Yeah, I would be scared to go alone. I guess that doesn't make sense because I did go to an SAS gathering once. Maybe it made it a little easier having some familiarity with the people I was meeting, having seen them posting on the boards for a while.


----------



## DI117 (Aug 13, 2010)

Hey everyone, I moved to the Boston area for work a couple months ago aaaaaaand I don't really know too many people around here outside of work...

If there's anything happening in the future I'd love to be a part of it and meet some other socially anxious people. Let me know!


----------



## merryk (Dec 25, 2008)

DI117 said:


> If there's anything happening in the future I'd love to be a part of it and meet some other socially anxious people. Let me know!


I'll be staying in the Boston area next month and would like to meet up with anyone willing. I want to continue to push myself to be more social despite increased anxiety, since not much good comes from setting about the house alone.

I know there are several of us around the suburbs, so hopefully some will be adventurous enough to gather  pm me if you'd like, anyone.


----------



## estse (Nov 18, 2003)

I was looking for this thread and surprised to find it at the top of the Gatherings section. Figured it would be way back in the archives by now.

The meet-up on September 3rd went well, and I got pictures of my cat and my bathroom to show I was there (the meet happened at my house). It would have been great if other SAers were there, but all I did was play Apples to Apples by myself.


----------



## DI117 (Aug 13, 2010)

merryk said:


> I'll be staying in the Boston area next month and would like to meet up with anyone willing. I want to continue to push myself to be more social despite increased anxiety, since not much good comes from setting about the house alone.
> 
> I know there are several of us around the suburbs, so hopefully some will be adventurous enough to gather  pm me if you'd like, anyone.





Mercurochrome said:


> I was looking for this thread and surprised to find it at the top of the Gatherings section. Figured it would be way back in the archives by now.
> 
> The meet-up on September 3rd went well, and I got pictures of my cat and my bathroom to show I was there (the meet happened at my house). It would have been great if other SAers were there, but all I did was play Apples to Apples by myself.

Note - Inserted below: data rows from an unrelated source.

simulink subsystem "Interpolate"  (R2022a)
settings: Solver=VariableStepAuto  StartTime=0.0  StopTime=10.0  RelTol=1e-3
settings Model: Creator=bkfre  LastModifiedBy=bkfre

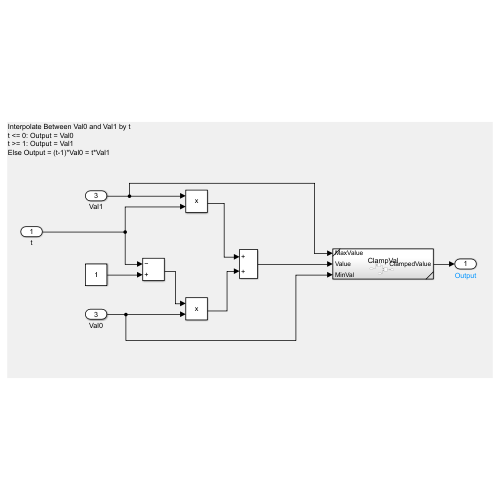
[thumbnail: Simulink's stored preview of the top-level diagram]
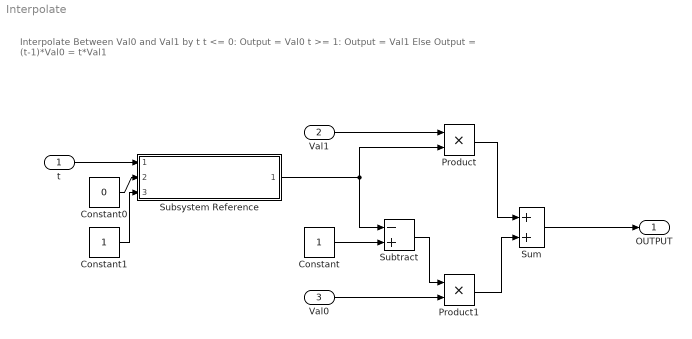
== system Interpolate ==
  note: Interpolate Between Val0 and Val1 by t
      | t <= 0: Output = Val0
      | t >= 1: Output = Val1
      | Else Output = (t-1)*Val0 = t*Val1
  t : Inport
  Val1 : Inport  Port=2
  Val0 : Inport  Port=3
  Constant : Constant
  Constant0 : Constant  Value=0
  Constant1 : Constant
  Product : Product
  Product1 : Product
  Subsystem Reference : Subsystem  ReferencedSubsystem=ClampVal
  Subtract : Sum  Inputs=-+
  Sum : Sum
  OUTPUT : Outport
  wires:
  Sum/1 -> OUTPUT/1
  Val0/1 -> Product1/2
  Subtract/1 -> Product1/1
  Product1/1 -> Sum/2
  Product/1 -> Sum/1
  Constant/1 -> Subtract/2
  Subsystem Reference/1 -> Product/2, Subtract/1
  Val1/1 -> Product/1
  t/1 -> Subsystem Reference/1
  Constant1/1 -> Subsystem Reference/3
  Constant0/1 -> Subsystem Reference/2

Well I guess we're going to have to do something then. Any suggestions?


----------



## merryk (Dec 25, 2008)

Mercurochrome said:


> I was looking for this thread and surprised to find it at the top of the Gatherings section. Figured it would be way back in the archives by now.
> 
> The meet-up on September 3rd went well, and I got pictures of my cat and my bathroom to show I was there (the meet happened at my house). It would have been great if other SAers were there, but all I did was play Apples to Apples by myself.


We haven't given up yet! We'll have to improve upon your party of 1 1/2 of Sep 3, lol.

I vote for something inexpensive, being unemployed and living off meager savings and all :roll The upside of having a virtually non-existent social life, saves money! Any bowlers in the group? hehe


----------



## merryk (Dec 25, 2008)

bumping this thread...
hopefully not in vain (again!) :um where is everyone around here?


----------



## merryk (Dec 25, 2008)

I'm in the North Shore through 10/28...if anyone in the area wants to get together, let me know here or pm  Most of you I know are in the South Shore or west 'burbs, so I realize driving/transportation can be an issue, but I'm putting it out there...


----------



## Kennnie (Oct 21, 2010)

Did you guys actually end up meeting? how was it?


----------